> _Task description_
The records are to be repeated in full, with the images removed.

[Stored items]
□ □ □ □ □ □ □
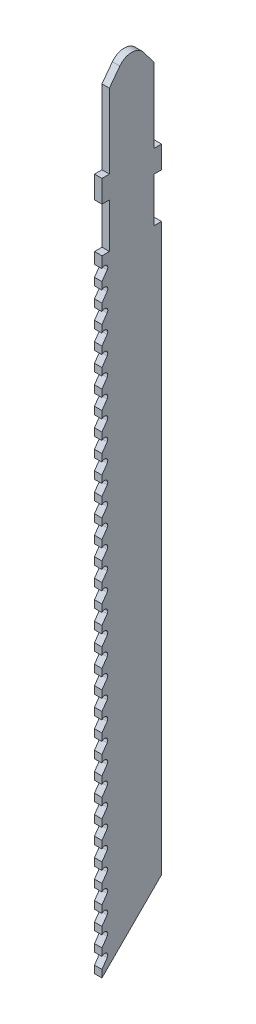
from build123d import *

# Parameters (mm, degrees)
BASE_EXTRUDE_DEPTH      = 0.5
CUT_EXTRUDE1_DEPTH      = 85.096670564
CUT_EXTRUDE1_DEPTH_BACK = 85.096670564
LPATTERN1_COUNT         = 33
LPATTERN1_PITCH         = 2.5


with BuildPart() as part:
    # Sketch1 → Base-Extrude (new, symmetric)
    with BuildSketch(Plane(origin=(0, 0, 0), x_dir=(0, 0, -1), z_dir=(1, 0, 0))):
        with BuildLine():
            Line((3, 0), (3, 6))
            Line((3, 6), (4, 6))
            Line((4, 6), (4, 9))
            Line((4, 9), (3, 9))
            Line((3, 9), (3, 19))
            Line((3, 19), (1.6, 20.866666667))
            ThreePointArc((1.6, 20.866666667), (0, 21.666666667), (-1.6, 20.866666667))
            Line((-1.6, 20.866666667), (-3, 19))
            Line((-3, 19), (-3, 9))
            Line((-3, 9), (-4, 9))
            Line((-4, 9), (-4, 6))
            Line((-4, 6), (-3, 6))
            Line((-3, 6), (-3, 0))
            Line((-3, 0), (-4, 0))
            Line((-4, 0), (-4, -84))
            Line((-4, -84), (4, -76))
            Line((4, -76), (4, 0))
            Line((4, 0), (3, 0))
        make_face()
    extrude(amount=BASE_EXTRUDE_DEPTH, both=True)

    # Sketch3 → Cut-Extrude1 (cut, two sides: drawn at the far end of the back side and taken through both)
    with BuildSketch(Plane(origin=(0, 0, 0), x_dir=(0, 0, -1), z_dir=(1, 0, 0)).offset(-CUT_EXTRUDE1_DEPTH_BACK)):
        with BuildLine():
            Line((-4, -81.5), (-4, -83))
            Line((-4, -83), (-3.295230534, -81.993484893))
            ThreePointArc((-3.295230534, -81.993484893), (-3.400872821, -81.394357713), (-4, -81.5))
        make_face()
    cut_extrude1 = extrude(amount=CUT_EXTRUDE1_DEPTH + CUT_EXTRUDE1_DEPTH_BACK, mode=Mode.SUBTRACT)

    # LPattern1: Cut-Extrude1 ×33
    with Locations(*[(0, i * LPATTERN1_PITCH, 0) for i in range(1, LPATTERN1_COUNT)]):
        add(cut_extrude1, mode=Mode.SUBTRACT)


solid = part.part
□ □ □ □ □ □ □
> _Written response_
from build123d import *

# Parameters (mm, degrees)
BASE_EXTRUDE_DEPTH      = 0.5
CUT_EXTRUDE1_DEPTH      = 85.096670564
CUT_EXTRUDE1_DEPTH_BACK = 85.096670564
LPATTERN1_COUNT         = 33
LPATTERN1_PITCH         = 2.5


with BuildPart() as part:
    # Sketch1 → Base-Extrude (new, symmetric)
    with BuildSketch(Plane(origin=(0, 0, 0), x_dir=(0, 0, -1), z_dir=(1, 0, 0))):
        with BuildLine():
            Line((3, 0), (3, 6))
            Line((3, 6), (4, 6))
            Line((4, 6), (4, 9))
            Line((4, 9), (3, 9))
            Line((3, 9), (3, 19))
            Line((3, 19), (1.6, 20.866666667))
            ThreePointArc((1.6, 20.866666667), (0, 21.666666667), (-1.6, 20.866666667))
            Line((-1.6, 20.866666667), (-3, 19))
            Line((-3, 19), (-3, 9))
            Line((-3, 9), (-4, 9))
            Line((-4, 9), (-4, 6))
            Line((-4, 6), (-3, 6))
            Line((-3, 6), (-3, 0))
            Line((-3, 0), (-4, 0))
            Line((-4, 0), (-4, -84))
            Line((-4, -84), (4, -76))
            Line((4, -76), (4, 0))
            Line((4, 0), (3, 0))
        make_face()
    extrude(amount=BASE_EXTRUDE_DEPTH, both=True)

    # Sketch3 → Cut-Extrude1 (cut, two sides: drawn at the far end of the back side and taken through both)
    with BuildSketch(Plane(origin=(0, 0, 0), x_dir=(0, 0, -1), z_dir=(1, 0, 0)).offset(-CUT_EXTRUDE1_DEPTH_BACK)):
        with BuildLine():
            Line((-4, -81.5), (-4, -83))
            Line((-4, -83), (-3.295230534, -81.993484893))
            ThreePointArc((-3.295230534, -81.993484893), (-3.400872821, -81.394357713), (-4, -81.5))
        make_face()
    cut_extrude1 = extrude(amount=CUT_EXTRUDE1_DEPTH + CUT_EXTRUDE1_DEPTH_BACK, mode=Mode.SUBTRACT)

    # LPattern1: Cut-Extrude1 ×33
    with Locations(*[(0, i * LPATTERN1_PITCH, 0) for i in range(1, LPATTERN1_COUNT)]):
        add(cut_extrude1, mode=Mode.SUBTRACT)


solid = part.part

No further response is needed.